The buzz surrounding Lana Del Rey’s recently released fifth studio album Lust for Life(2017) may be dying down (after debuting at Number 1 on the Billboard 200 album chart, it dropped to number 10, number 23 in the following week, and then to number 32), but her diehard fans can potentially look forward to a new album that will include 25 of her favourite unreleased songs. This is hardly surprising, since there are nearly 200 songs that never benefitted from an official release (but which have nevertheless found their way to YouTube via fan-made channels like LizzyGrantTV and Mermaid Motel. Going through them is akin to hitting rewind on an artist’s evolution: a rare glimpse of the different aesthetics and personas Elizabeth Wooldridge Grant experimented with – Lizzy Grant, Lana Rey Del Mar, Sparkle Jump Rope Queen, May Jailer - before settling on her definitive California-via-New York style, sound and persona.

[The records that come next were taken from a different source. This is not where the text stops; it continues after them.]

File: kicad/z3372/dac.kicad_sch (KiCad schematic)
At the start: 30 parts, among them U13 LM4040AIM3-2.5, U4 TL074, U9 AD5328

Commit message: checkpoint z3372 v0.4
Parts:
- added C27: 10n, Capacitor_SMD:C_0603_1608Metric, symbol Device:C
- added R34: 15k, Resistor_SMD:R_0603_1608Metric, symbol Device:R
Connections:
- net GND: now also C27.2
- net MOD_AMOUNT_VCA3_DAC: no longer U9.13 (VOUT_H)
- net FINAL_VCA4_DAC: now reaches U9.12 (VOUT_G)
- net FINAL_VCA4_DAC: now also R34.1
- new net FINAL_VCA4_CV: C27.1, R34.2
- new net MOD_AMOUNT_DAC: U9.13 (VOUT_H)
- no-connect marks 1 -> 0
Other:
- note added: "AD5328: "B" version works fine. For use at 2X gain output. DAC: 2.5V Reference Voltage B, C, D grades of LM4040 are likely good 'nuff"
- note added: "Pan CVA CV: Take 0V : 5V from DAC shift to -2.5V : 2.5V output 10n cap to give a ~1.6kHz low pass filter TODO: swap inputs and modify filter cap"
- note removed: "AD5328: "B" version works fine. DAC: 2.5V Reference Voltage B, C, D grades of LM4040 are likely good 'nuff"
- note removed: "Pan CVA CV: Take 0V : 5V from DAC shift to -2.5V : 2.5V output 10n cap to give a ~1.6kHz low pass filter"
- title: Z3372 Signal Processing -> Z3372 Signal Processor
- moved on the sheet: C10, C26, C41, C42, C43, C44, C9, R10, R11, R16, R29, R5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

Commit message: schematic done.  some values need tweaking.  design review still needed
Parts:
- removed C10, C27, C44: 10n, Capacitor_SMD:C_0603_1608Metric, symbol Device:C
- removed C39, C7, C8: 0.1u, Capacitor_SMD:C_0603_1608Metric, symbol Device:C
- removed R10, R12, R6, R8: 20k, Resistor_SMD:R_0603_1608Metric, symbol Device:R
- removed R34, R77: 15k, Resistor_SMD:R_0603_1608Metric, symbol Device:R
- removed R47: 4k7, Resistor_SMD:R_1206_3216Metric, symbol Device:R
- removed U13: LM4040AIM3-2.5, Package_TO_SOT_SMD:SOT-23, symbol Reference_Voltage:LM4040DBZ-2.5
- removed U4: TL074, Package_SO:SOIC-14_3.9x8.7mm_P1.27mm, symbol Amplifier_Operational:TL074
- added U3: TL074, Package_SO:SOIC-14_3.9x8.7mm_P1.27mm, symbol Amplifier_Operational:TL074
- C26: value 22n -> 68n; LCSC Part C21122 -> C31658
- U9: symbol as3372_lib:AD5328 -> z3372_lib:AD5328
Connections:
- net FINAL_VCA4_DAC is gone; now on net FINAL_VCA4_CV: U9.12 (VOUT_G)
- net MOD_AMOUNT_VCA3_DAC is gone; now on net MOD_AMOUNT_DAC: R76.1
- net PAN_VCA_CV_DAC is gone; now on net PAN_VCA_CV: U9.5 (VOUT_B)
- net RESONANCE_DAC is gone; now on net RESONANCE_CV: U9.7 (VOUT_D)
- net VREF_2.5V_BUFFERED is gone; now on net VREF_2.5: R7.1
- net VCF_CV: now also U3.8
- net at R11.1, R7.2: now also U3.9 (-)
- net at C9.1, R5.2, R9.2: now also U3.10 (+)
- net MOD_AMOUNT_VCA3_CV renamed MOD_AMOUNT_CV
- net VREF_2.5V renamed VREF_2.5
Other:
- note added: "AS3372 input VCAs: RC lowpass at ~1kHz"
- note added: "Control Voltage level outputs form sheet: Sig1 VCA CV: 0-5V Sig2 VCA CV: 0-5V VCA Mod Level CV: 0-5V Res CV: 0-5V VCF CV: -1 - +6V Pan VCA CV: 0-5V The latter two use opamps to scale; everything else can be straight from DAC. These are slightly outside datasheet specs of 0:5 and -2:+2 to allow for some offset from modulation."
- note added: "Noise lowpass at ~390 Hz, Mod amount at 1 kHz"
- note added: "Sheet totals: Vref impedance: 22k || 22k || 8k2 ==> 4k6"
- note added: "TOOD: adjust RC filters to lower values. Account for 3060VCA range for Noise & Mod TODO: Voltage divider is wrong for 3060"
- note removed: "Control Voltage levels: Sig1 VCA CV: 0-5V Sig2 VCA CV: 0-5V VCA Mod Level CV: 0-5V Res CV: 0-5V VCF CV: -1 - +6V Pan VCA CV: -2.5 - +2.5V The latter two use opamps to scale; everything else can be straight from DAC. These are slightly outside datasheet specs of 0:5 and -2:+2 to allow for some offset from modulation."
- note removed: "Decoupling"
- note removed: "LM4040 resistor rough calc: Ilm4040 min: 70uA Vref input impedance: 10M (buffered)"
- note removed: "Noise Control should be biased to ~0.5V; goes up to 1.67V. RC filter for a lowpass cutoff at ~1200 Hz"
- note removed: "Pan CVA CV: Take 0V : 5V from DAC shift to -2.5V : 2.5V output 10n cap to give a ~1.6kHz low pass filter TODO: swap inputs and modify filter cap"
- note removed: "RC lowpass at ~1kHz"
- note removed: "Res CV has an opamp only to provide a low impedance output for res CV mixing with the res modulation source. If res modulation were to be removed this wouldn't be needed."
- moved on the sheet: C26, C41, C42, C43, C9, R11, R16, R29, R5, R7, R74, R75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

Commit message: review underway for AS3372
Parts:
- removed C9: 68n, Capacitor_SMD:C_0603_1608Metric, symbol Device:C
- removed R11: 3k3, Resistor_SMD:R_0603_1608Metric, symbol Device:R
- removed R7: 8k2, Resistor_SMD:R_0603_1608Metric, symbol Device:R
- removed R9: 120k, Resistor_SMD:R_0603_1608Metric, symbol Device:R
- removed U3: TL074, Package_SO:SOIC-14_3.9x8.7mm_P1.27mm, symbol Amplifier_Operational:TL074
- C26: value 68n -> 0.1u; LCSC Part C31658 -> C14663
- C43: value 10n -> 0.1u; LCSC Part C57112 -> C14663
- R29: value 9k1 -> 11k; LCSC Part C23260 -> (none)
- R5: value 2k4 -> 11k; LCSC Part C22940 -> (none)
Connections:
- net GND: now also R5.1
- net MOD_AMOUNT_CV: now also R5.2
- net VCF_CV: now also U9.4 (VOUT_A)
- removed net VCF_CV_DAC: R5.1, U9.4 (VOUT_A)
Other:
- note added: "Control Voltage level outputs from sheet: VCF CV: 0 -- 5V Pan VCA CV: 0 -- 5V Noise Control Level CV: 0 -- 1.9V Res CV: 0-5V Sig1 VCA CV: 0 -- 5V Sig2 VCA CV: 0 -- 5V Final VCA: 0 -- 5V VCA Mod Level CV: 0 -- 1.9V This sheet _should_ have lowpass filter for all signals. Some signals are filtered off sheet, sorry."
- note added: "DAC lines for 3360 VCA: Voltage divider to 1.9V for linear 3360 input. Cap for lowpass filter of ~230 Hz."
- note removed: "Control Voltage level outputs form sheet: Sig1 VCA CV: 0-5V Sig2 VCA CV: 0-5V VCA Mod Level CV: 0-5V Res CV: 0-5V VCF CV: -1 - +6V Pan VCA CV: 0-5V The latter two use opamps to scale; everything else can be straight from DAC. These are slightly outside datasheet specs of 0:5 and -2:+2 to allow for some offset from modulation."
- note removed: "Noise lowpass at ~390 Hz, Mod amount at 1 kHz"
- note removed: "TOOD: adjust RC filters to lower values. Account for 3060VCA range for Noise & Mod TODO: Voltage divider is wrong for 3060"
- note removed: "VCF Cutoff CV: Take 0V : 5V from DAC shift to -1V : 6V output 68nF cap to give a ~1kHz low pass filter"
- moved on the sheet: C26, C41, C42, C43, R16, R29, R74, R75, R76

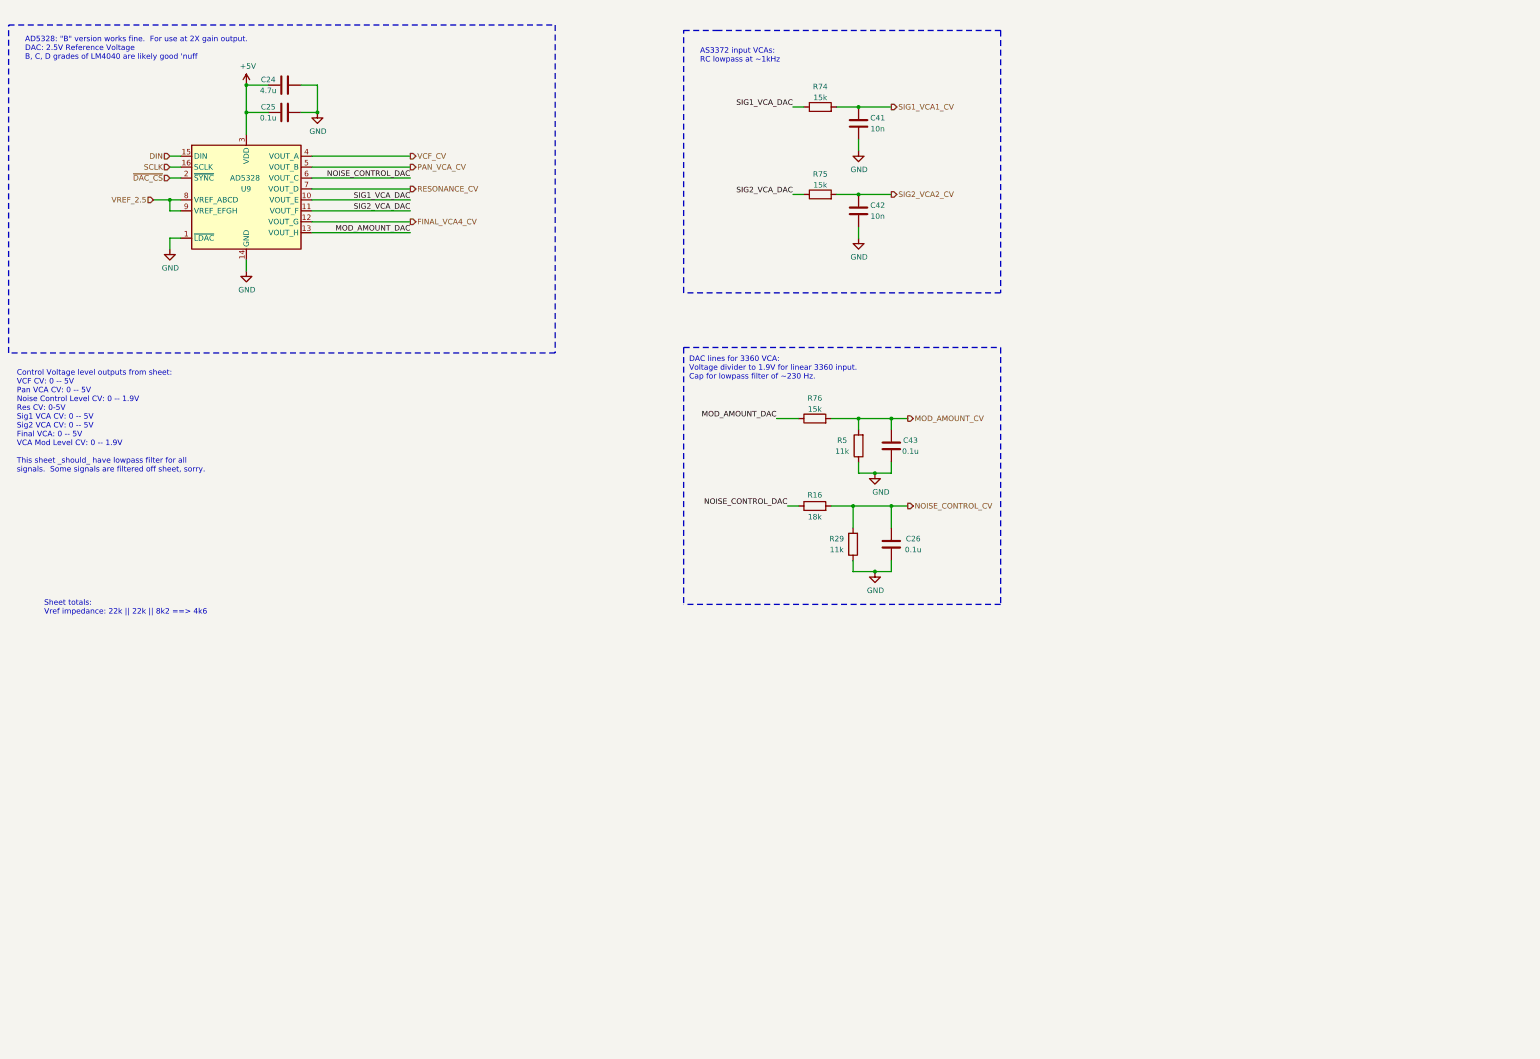
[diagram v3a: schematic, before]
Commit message: schematic completed, working on place and route
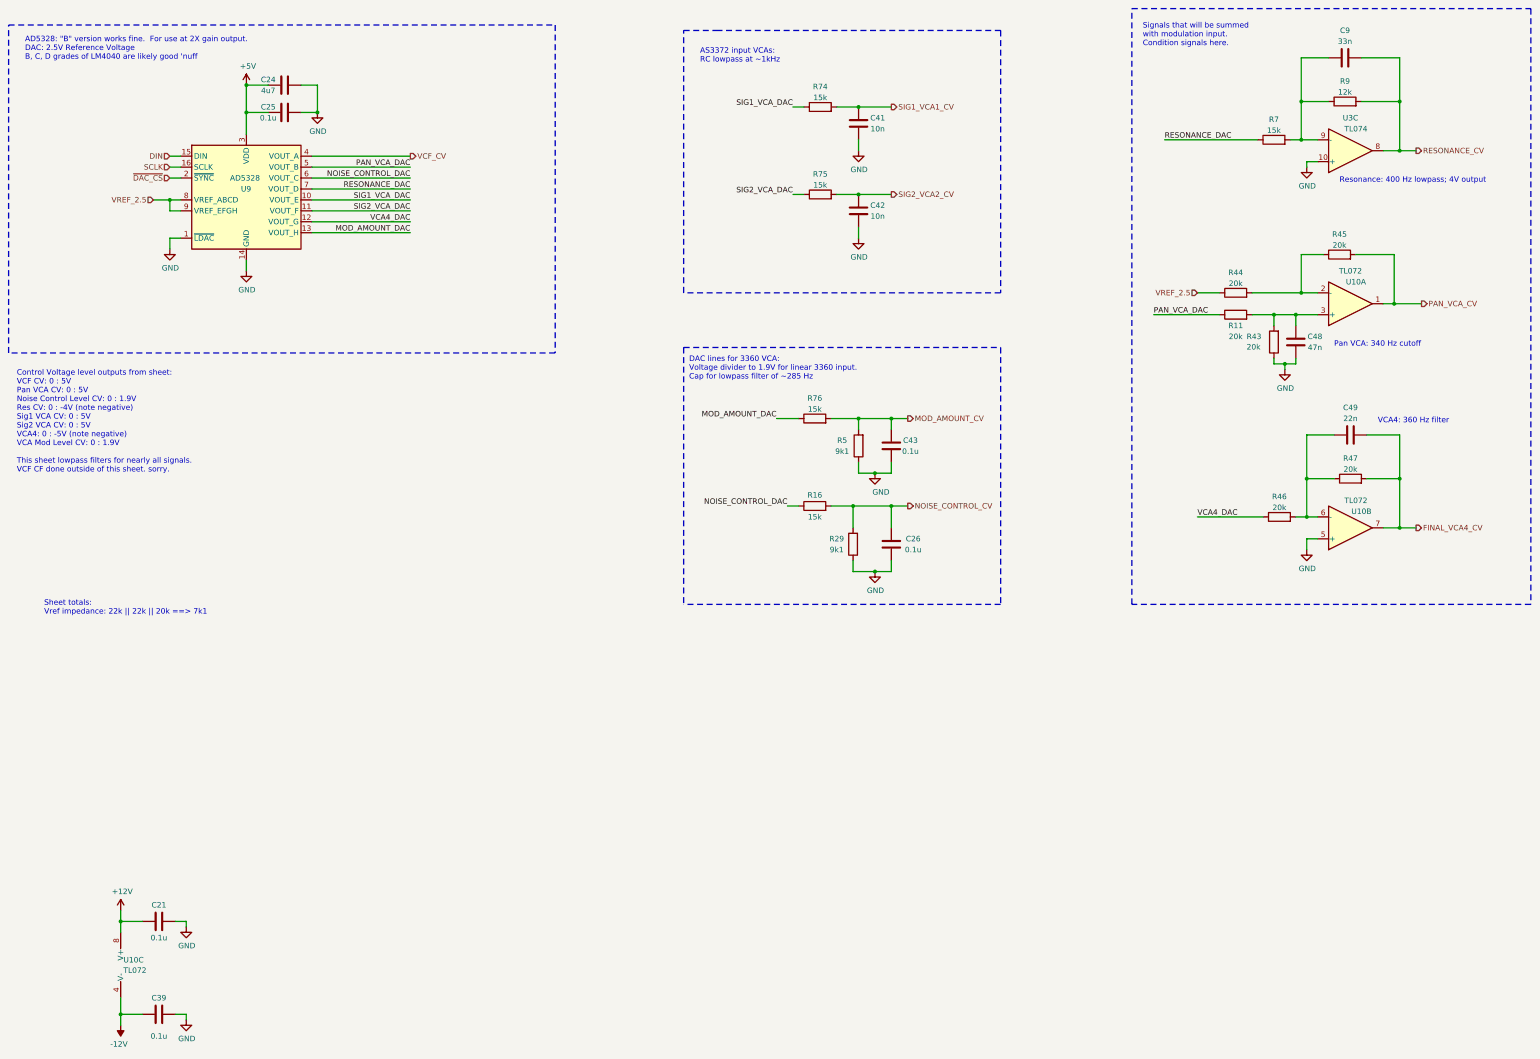
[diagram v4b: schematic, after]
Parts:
- added C21, C39: 0.1u, Capacitor_SMD:C_0603_1608Metric, symbol Device:C
- added C48: 47n, Capacitor_SMD:C_0603_1608Metric, symbol Device:C
- added C49: 22n, Capacitor_SMD:C_0603_1608Metric, symbol Device:C
- added C9: 33n, Capacitor_SMD:C_0603_1608Metric, symbol Device:C
- added R11, R43, R44, R45, R46, R47: 20k, Resistor_SMD:R_0603_1608Metric, symbol Device:R
- added R7: 15k, Resistor_SMD:R_0603_1608Metric, symbol Device:R
- added R9: 12k, Resistor_SMD:R_0603_1608Metric, symbol Device:R
- added U10: TL072, Package_SO:SOIC-8_3.9x4.9mm_P1.27mm, symbol Amplifier_Operational:TL072
- added U3: TL074, Package_SO:TSSOP-14_4.4x5mm_P0.65mm, symbol Amplifier_Operational:TL074
- C24: value 4.7u -> 4u7
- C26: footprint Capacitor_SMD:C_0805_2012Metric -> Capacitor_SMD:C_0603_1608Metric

"Put Me in a Movie" from Lana Del Ray a.k.a. Lizzy Grant (2010), her debut studio album, recently caught my attention. It contains everything I found lacking in “Lolita” – a track officially released on Born to Die (2010) – which came across as a lacklustre sonic interpolation of Nabokov’s iconic novel. Its contents lie at the heart of all the feminist critiques of Del Rey’s preoccupations with unequal power dynamics, but there is something else at work here. There is a hint of ominousness in her vocals (which are higher and sultrier than usual), suggesting vulnerability, a growing awareness of one’s sexual powers of persuasion and a sense of menace as sings from the perspective of cinematic jailbait (‘Lights, camera, acción/ He didn't know he'd have this much fun’). The song appears to both romanticize and acknowledge the darkness inherent to unequal power relations between men and women: a dynamic that colored much of her oeuvre (and recently inspired an apt Ivanka Trump parody).
There is also an element of intertextual rewriting that endows the tragic literary character with more agency. Nabokov’s Lolita (Dolores Haze) does star in a school play written by the second paedophile she encounters (Clare Quilty) and eventually leaves Humbert to marry him, but refuses to star in one of his pornographic films. Haze flees to a nondescript life in the Midwestern town of Coalmont, whereas Del Rey’s lyrical persona seems to be fully intent on using her sexuality for celluloid fame: ‘Put me in a movie/ You can be my daddy’. The song is dark, cinematic and disturbing, but also catchy and intriguing: it presents the inconvenient truth that this age-old conundrum persists across the developed and developing world alike, even if contemporary pop culture predominantly privileges a message of feminist empowerment.